## PROBLEM
Read through the records. Copy each line that has the word "input".

[Recorded data]
######
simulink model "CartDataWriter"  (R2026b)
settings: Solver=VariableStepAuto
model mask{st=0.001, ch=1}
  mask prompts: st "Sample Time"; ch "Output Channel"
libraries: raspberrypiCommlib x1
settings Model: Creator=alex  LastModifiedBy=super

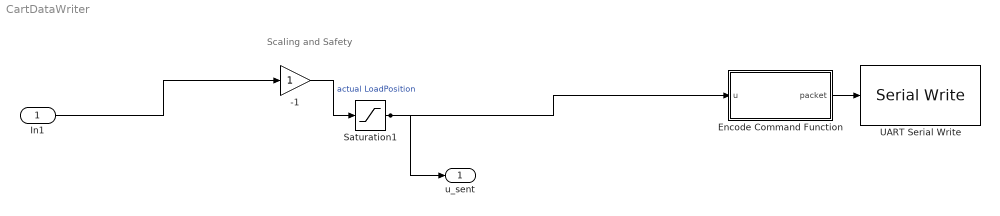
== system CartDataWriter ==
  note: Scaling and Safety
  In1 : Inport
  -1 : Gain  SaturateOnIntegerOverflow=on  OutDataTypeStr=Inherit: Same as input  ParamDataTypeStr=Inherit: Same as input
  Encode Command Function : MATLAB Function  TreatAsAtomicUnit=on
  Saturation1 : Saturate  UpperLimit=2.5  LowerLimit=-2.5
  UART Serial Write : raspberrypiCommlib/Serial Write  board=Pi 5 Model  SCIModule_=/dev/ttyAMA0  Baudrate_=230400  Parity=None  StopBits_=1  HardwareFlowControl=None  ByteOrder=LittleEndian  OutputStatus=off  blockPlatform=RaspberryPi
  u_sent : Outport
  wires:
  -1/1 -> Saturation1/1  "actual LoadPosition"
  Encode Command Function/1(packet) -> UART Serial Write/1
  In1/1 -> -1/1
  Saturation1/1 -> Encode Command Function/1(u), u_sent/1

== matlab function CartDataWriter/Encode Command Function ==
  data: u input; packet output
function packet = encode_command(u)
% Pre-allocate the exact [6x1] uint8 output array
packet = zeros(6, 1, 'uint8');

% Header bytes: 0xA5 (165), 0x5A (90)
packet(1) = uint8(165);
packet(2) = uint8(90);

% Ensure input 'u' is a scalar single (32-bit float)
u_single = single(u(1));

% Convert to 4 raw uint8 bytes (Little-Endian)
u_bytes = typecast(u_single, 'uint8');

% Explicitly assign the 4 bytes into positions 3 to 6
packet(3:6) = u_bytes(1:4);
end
######
## THE COMPLETED TASK
  -1 : Gain  SaturateOnIntegerOverflow=on  OutDataTypeStr=Inherit: Same as input  ParamDataTypeStr=Inherit: Same as input
  data: u input; packet output
% Ensure input 'u' is a scalar single (32-bit float)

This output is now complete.